Bartoletti Stefano, Santangeli Pasquale, DI Biase Luigi, Natale Andrea
Institute of Cardiology, Catholic University of the Sacred Heart, Rome (Italy).
Cardiac Arrhythmia Service, Stanford University School of Medicine, Stanford (CA).
J Atr Fibrillation. 2013 Jun 30;6(1):851. doi: 10.4022/jafib.851. eCollection 2013 Jun-Jul.

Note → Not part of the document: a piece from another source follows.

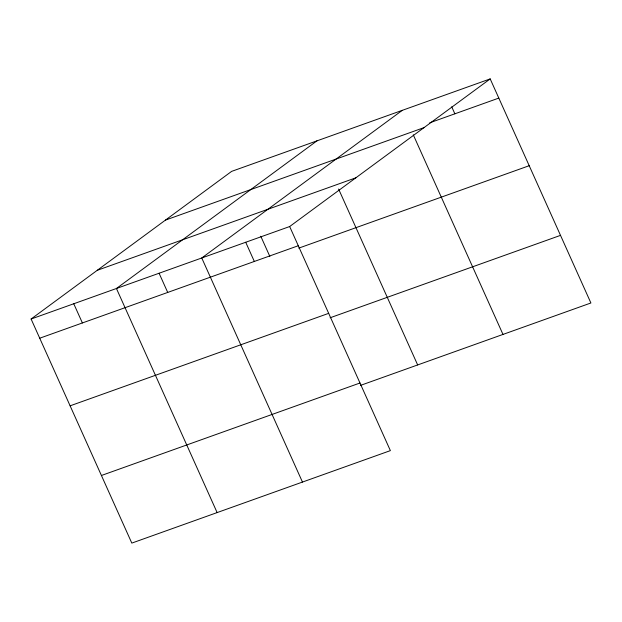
<?xml version="1.0" encoding="UTF-8"?>
<svg xmlns="http://www.w3.org/2000/svg" width="622" height="622" viewBox="0 0 622 622"><rect width="100%" height="100%" fill="white"/><g stroke="black" fill="none" stroke-linecap="round" stroke-linejoin="round"><path stroke-width="0.93" d="M490.19 78.901L289.665 226.54L390.375 450.623L131.81 543.099L31.1 319.016L231.625 171.377L490.19 78.901L590.9 302.984L360.472 385.399M316.956 140.86L116.431 288.499L217.132 512.582M402.278 110.343L201.753 257.982L302.463 482.066M429.748 122.798L498.821 98.089M165.452 220.102L424.017 127.619M97.273 270.298L355.838 177.822M31.1 319.016L289.665 226.54M39.722 338.212L298.296 245.729M298.778 248.124L529.205 165.709M70.115 405.824L328.68 313.348M330.088 317.78L560.515 235.365M101.417 475.488L359.99 383.004M451.727 106.836L454.861 113.81M413.272 134.803L502.988 334.426M338.601 189.034L417.657 364.943M260.773 236.236L269.847 256.427M245.713 242.261L254.336 261.45M159.092 273.245L167.715 292.433M73.761 303.761L82.392 322.95"/></g></svg>

Patients with mechanical "hardware" in the heart, such as those with mechanical cardiac valves or atrial septal closure devices, represent a population at high risk of developing AF. Catheter ablation of AF in these subjects might represent a challenge, due to the perceived higher risk of complications associated with the presence of intracardiac mechanical devices. Accordingly, such patients were excluded or poorly represented in major trials proving the benefit of catheter ablation for the rhythm-control of AF. However, recent evidence supports the concept that catheter ablation procedures might be equally effective in these patients, without a significant increase in the risk of procedural complications. This review will summarize the current state-of-the-art on catheter ablation of AF in patients with mechanical "hardware" in the heart.
心脏植入机械“硬件”的患者,如那些植入机械心脏瓣膜或房间隔封堵装置的患者,是发生房颤的高危人群。由于人们认为心内机械装置会增加并发症风险,对这些患者进行房颤导管消融可能是一项挑战。因此,在证明房颤导管消融对节律控制有益的主要试验中,此类患者被排除在外或代表性不足。然而,最近的证据支持这样一种观点,即导管消融手术在这些患者中可能同样有效,且手术并发症风险不会显著增加。本综述将总结目前心脏植入机械“硬件”的房颤患者导管消融的最新情况。